SurgiSil LLP, a Texas based company that produces Plastic Surgery products, has received FDA 510K clearance on its Perma Facial Implant. This will allow formal training to begin for U.S. based surgeons.
The implant was developed over five years ago in reaction to Plastic Surgeons growing dissatisfaction with injectable fillers, which are costly, painful, and had to be repeated every few months. SurgiSil saw the desire for a safe, permanent, and easily reversible procedure for use in nose, chin, and cheek correction and augmentation.
Perma Facial Implant is made from soft, solid, silicone elastomer. It is used in an injection molding process and produces a naturally contoured implant that creates a smooth and non-porous look. The procedure is a most likely done in 30 minutes under local anesthesia in the surgeon's office.

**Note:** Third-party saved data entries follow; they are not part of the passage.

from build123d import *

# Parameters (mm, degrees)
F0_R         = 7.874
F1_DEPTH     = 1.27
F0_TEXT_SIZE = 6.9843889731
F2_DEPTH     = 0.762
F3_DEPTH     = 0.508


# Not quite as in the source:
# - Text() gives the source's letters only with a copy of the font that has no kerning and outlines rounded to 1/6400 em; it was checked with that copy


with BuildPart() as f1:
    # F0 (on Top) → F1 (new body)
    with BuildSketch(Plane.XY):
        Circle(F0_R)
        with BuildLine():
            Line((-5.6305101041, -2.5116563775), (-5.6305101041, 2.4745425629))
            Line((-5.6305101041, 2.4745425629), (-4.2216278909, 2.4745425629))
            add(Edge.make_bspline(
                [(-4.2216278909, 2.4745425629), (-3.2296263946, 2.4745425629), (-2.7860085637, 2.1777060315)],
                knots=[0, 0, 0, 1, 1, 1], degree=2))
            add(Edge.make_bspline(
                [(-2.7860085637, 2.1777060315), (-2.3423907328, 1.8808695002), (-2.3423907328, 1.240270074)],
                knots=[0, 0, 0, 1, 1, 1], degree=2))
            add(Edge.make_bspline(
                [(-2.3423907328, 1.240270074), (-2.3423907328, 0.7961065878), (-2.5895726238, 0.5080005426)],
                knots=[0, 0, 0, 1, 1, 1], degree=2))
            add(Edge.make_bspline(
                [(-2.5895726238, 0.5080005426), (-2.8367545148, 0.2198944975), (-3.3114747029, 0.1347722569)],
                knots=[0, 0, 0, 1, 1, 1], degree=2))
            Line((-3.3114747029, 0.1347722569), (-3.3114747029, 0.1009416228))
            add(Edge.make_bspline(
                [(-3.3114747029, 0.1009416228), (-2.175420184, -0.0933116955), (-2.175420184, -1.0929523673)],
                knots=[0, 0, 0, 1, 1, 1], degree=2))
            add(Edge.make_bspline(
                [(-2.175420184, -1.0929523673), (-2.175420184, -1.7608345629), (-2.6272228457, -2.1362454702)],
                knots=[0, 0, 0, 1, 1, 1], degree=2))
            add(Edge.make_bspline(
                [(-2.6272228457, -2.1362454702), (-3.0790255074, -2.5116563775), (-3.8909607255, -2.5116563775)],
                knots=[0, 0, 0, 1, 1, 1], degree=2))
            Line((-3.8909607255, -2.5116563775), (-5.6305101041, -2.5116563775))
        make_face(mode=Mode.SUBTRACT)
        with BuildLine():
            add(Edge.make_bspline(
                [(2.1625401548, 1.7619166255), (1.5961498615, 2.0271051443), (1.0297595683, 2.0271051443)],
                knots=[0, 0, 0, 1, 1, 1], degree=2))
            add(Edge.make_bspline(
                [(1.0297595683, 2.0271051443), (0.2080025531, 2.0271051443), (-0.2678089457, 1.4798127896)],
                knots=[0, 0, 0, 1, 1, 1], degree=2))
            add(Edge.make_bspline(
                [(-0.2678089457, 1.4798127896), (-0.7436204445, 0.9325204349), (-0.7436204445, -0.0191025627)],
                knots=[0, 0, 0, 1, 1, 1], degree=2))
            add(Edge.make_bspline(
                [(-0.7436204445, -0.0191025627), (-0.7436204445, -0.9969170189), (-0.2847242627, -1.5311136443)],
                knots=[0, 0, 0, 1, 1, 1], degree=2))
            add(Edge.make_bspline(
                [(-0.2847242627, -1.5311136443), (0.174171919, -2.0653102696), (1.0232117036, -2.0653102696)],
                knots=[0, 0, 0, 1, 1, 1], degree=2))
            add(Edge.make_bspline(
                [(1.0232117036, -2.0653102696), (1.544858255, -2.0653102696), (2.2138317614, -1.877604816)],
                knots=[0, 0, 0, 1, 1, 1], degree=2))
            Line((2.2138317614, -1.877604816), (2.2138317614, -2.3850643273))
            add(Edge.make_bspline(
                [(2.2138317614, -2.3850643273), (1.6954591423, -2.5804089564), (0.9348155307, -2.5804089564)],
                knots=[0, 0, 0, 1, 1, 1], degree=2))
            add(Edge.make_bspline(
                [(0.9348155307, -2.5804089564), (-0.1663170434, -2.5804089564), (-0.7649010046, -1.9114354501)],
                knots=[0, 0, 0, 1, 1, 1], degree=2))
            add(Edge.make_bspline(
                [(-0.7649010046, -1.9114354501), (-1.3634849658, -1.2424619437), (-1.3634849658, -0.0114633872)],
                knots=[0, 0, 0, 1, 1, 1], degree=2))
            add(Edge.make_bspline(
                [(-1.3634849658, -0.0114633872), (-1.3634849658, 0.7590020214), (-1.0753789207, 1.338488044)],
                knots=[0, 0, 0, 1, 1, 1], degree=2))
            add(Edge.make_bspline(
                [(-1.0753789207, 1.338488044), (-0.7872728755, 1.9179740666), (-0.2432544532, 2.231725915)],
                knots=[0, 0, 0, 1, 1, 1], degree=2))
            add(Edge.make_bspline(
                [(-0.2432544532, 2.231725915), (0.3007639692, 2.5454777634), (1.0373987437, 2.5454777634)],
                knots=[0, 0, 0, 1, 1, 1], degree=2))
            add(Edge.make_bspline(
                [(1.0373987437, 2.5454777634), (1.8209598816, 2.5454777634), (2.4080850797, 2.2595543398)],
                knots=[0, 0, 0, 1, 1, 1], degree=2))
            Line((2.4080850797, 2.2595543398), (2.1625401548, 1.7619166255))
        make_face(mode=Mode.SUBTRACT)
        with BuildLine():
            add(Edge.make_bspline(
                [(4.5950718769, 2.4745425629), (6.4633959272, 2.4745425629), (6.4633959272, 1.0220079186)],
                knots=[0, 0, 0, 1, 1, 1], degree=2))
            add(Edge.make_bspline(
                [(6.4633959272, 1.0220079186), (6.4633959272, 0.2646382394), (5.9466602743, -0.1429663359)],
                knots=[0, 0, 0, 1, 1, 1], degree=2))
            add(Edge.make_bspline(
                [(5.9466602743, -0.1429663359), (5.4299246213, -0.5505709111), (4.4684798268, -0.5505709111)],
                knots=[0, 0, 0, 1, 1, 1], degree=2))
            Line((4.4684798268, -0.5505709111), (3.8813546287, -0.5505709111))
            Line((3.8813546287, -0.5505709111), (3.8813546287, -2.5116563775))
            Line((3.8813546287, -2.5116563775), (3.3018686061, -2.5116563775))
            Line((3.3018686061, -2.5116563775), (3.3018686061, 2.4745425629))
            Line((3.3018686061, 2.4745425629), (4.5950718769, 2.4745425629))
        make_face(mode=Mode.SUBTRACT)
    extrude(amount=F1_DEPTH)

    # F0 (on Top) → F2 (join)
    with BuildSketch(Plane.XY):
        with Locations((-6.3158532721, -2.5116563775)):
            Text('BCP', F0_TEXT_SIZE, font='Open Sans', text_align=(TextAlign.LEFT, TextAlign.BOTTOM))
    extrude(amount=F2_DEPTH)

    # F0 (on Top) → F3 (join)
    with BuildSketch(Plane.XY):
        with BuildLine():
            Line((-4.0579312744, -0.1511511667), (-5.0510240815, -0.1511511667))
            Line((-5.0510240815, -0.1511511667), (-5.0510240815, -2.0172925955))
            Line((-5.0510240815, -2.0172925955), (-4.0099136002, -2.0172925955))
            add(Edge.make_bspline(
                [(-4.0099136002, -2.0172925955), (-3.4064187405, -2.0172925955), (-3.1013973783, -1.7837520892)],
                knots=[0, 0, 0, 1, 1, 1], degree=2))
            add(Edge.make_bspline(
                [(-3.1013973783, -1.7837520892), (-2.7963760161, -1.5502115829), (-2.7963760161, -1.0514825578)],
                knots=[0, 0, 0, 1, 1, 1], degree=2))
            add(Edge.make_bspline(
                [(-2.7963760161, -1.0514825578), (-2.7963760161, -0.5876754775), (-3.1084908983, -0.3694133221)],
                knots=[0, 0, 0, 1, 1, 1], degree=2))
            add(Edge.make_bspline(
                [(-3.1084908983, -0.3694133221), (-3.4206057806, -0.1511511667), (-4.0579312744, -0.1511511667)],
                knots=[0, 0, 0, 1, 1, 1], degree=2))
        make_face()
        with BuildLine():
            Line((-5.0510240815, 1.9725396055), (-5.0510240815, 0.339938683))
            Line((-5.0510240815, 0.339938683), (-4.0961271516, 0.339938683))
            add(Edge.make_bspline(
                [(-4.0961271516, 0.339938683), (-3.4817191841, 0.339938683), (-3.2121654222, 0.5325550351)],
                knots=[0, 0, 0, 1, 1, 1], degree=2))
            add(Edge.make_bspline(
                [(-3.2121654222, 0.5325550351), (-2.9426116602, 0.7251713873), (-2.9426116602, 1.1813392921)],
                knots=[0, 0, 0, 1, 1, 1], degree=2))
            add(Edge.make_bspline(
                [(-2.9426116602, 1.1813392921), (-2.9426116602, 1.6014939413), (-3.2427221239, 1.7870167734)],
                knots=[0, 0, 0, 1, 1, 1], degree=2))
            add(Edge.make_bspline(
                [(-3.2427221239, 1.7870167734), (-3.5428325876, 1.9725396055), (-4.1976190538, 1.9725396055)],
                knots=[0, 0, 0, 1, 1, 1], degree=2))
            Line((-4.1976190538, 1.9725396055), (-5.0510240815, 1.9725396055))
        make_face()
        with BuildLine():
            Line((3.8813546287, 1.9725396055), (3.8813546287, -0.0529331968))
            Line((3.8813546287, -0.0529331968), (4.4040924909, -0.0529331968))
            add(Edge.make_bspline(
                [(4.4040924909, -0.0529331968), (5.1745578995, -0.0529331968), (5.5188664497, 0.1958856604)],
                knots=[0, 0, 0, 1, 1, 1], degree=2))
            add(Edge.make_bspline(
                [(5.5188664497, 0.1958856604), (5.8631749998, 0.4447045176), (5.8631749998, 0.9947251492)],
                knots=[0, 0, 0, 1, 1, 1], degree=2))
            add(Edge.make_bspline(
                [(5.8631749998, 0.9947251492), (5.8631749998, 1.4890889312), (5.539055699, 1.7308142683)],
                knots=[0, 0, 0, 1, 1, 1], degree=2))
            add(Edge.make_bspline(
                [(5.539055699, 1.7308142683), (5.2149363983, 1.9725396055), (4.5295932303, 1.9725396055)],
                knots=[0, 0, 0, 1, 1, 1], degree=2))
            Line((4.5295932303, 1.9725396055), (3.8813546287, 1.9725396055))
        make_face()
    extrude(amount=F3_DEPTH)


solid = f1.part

The FDA 510K clearing allowed Perma Facial Implants to be commercially marketed in the U.S. as of September 2007 and will be marketed in Europe as Perma Lip, used for lip enhancements.
Dr. Barbara Marino, MD, FACOG, one of the first physicians in the Houston Area to offer the procedure, says "I am very excited to offer this new procedure in my office. It gives a very natural look and because of how it works, also reduces the lines around the mouth for a very pretty smile! I've been pleasantly surprised at how beautiful the results are as early as 5 days after placing the implants. It's nice to be able to offer an effective and permanent option for lip enhancement."
Currently the procedure is available in Houston, New York, California, Chicago and several clinics in the Dallas/Fort Worth area with future markets planned soon.